Work required: In the records below, find each line holding the word "body" and copy it.

Records excerpted from a collection:
/---

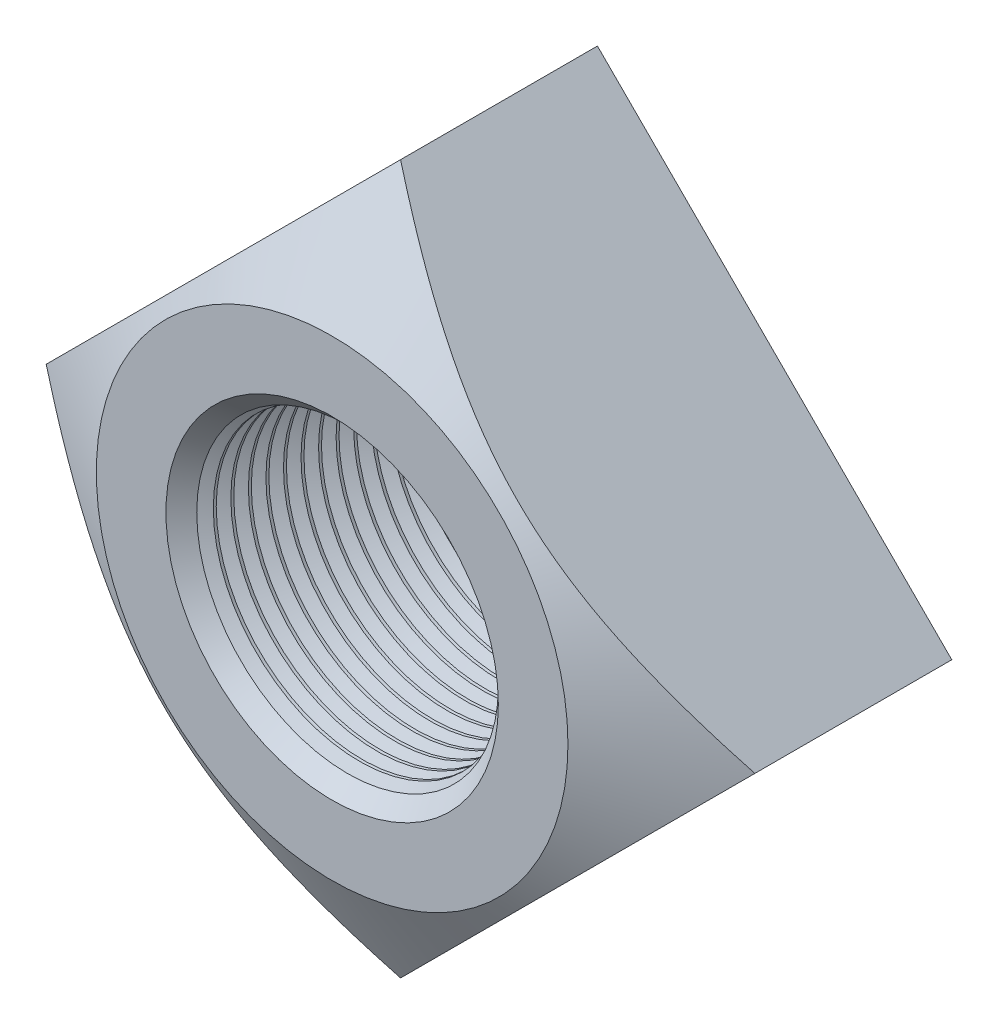
from build123d import *

# Parameters (mm, degrees)
SKETCH1_R        = 9.9175
BASENUT_DEPTH    = 18
CHAMFER1_SIZE    = 1.36
LPATTERN10_COUNT = 13
LPATTERN10_PITCH = 1.1901


with BuildPart() as part:
    # Sketch1 → BaseNut (new body)
    with BuildSketch(Plane.XY):
        Polygon((0, 24.04163056), (-24.04163056, 0), (0, -24.04163056), (24.04163056, 0), align=None)
        Circle(SKETCH1_R, mode=Mode.SUBTRACT)
    extrude(amount=-BASENUT_DEPTH)

    # Sketch2 → Single-Chamfer (revolve, cut)
    with BuildSketch(Plane(origin=(0, 0, 0), x_dir=(-1, 0, 0), z_dir=(0, 1, 0))):
        Polygon((16, 0), (24.04163056, 0), (24.04163056, -4.642837569), align=None)
    revolve(axis=Axis((0, 0, 6.735803747), (0, 0, -1)), mode=Mode.SUBTRACT)

    # Chamfer1
    chamfer1_edges = [part.edges().sort_by_distance(p)[0] for p in [
        (-9.9175, 0, -18),
        (-9.9175, 0, 0),
    ]]
    chamfer(chamfer1_edges, length=CHAMFER1_SIZE)

    # Sketch3 → Cut-Revolve10 (revolve, cut)
    with BuildSketch(Plane(origin=(0, 0, 0), x_dir=(1, 0, 0), z_dir=(0, 1, 0))):
        Polygon((8.92575, 1.855875), (9.9175, 1.855875), (10.776380694, 1.36), (9.9175, 0.864125), (8.92575, 0.864125), align=None)
    cut_revolve10 = revolve(axis=Axis((0, 0, -25.639638929), (0, 0, 1)), mode=Mode.SUBTRACT)

    # LPattern10: Cut-Revolve10 ×13
    with Locations(*[(0, 0, -i * LPATTERN10_PITCH) for i in range(1, LPATTERN10_COUNT)]):
        add(cut_revolve10, mode=Mode.SUBTRACT)


solid = part.part
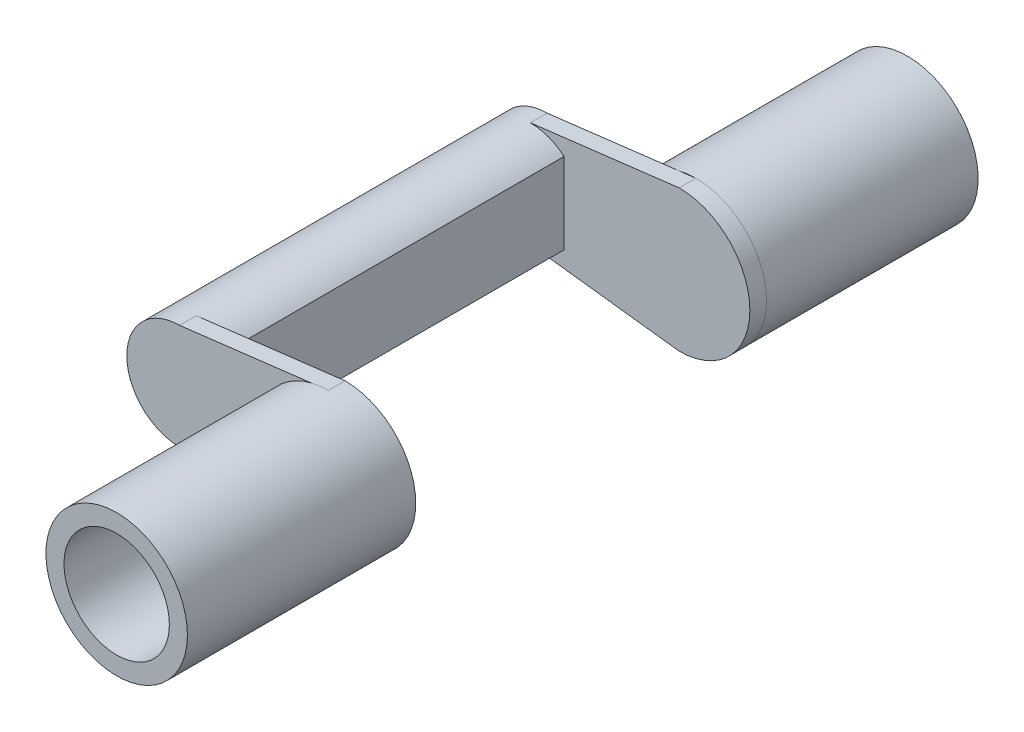
from build123d import *

# Parameters (mm, degrees)
SKETCH5_R      = 7.8
EXTRUDE1_DEPTH = 10
SKETCH6_R      = 12.6875
EXTRUDE2_DEPTH = 3
EXTRUDE3_START = 35
SKETCH7_R      = 12.6875
SKETCH7_R_2    = 9.46
EXTRUDE3_DEPTH = 35
EXTRUDE5_DEPTH = 3
SKETCH10_R     = 4.48
EXTRUDE6_DEPTH = 60
EXTRUDE7_DEPTH = 3
SKETCH12_R     = 7.7
EXTRUDE8_DEPTH = 10
SKETCH13_R     = 12.7
SKETCH13_R_2   = 9.46
EXTRUDE9_DEPTH = 38


with BuildPart() as part:
    # Sketch5 → Extrude1 (new body)
    with BuildSketch(Plane.XY):
        with Locations((-93.65, 0)):
            Circle(SKETCH5_R)
    extrude(amount=-EXTRUDE1_DEPTH)

    # Sketch6 → Extrude2 (add)
    with BuildSketch(Plane.XY):
        with Locations((-93.65, 0)):
            Circle(SKETCH6_R)
    extrude(amount=EXTRUDE2_DEPTH)

    # Sketch7 → Extrude3 (add)
    with BuildSketch(Plane(origin=(0, 0, 0), x_dir=(-1, 0, 0), z_dir=(0, 0, -1)).offset(EXTRUDE3_START)):
        with Locations((93.65, 0)):
            Circle(SKETCH7_R)
        with Locations((93.65, 0)):
            Circle(SKETCH7_R_2, mode=Mode.SUBTRACT)
    extrude(amount=-EXTRUDE3_DEPTH)

    # Sketch9 → Extrude5 (add)
    with BuildSketch(Plane.XY.offset(3)):
        with BuildLine():
            Line((-93.65, -12.7), (-120.3675, -9.46))
            ThreePointArc((-120.3675, -9.46), (-129.8275, 0), (-120.3675, 9.46))
            Line((-120.3675, 9.46), (-93.65, 12.7))
            ThreePointArc((-93.65, 12.7), (-80.95, 0), (-93.65, -12.7))
        make_face()
    extrude(amount=EXTRUDE5_DEPTH)

    # Sketch10 → Extrude6 (add)
    with BuildSketch(Plane.XY.offset(6)):
        with BuildLine():
            Line((-114.3, -7.25789527), (-114.3, 7.25789527))
            ThreePointArc((-114.3, 7.25789527), (-129.8275, 0), (-114.3, -7.25789527))
        make_face()
        with Locations((-120.3675, 0)):
            Circle(SKETCH10_R, mode=Mode.SUBTRACT)
    extrude(amount=EXTRUDE6_DEPTH)

    # Sketch11 → Extrude7 (add)
    with BuildSketch(Plane.XY.offset(66)):
        with BuildLine():
            Line((-93.65, 12.7), (-120.3675, 9.46))
            ThreePointArc((-120.3675, 9.46), (-129.8275, 0), (-120.3675, -9.46))
            Line((-120.3675, -9.46), (-93.65, -12.7))
            ThreePointArc((-93.65, -12.7), (-80.95, 0), (-93.65, 12.7))
        make_face()
    extrude(amount=EXTRUDE7_DEPTH)

    # Sketch12 → Extrude8 (add)
    with BuildSketch(Plane.XY.offset(69)):
        with Locations((-93.65, 0)):
            Circle(SKETCH12_R)
    extrude(amount=EXTRUDE8_DEPTH)

    # Sketch13 → Extrude9 (add)
    with BuildSketch(Plane.XY.offset(69)):
        with Locations((-93.65, 0)):
            Circle(SKETCH13_R)
        with Locations((-93.65, 0)):
            Circle(SKETCH13_R_2, mode=Mode.SUBTRACT)
    extrude(amount=EXTRUDE9_DEPTH)


solid = part.part

\---

Reply to the exercise:
    # Sketch1 → BaseNut (new body)
    # Sketch5 → Extrude1 (new body)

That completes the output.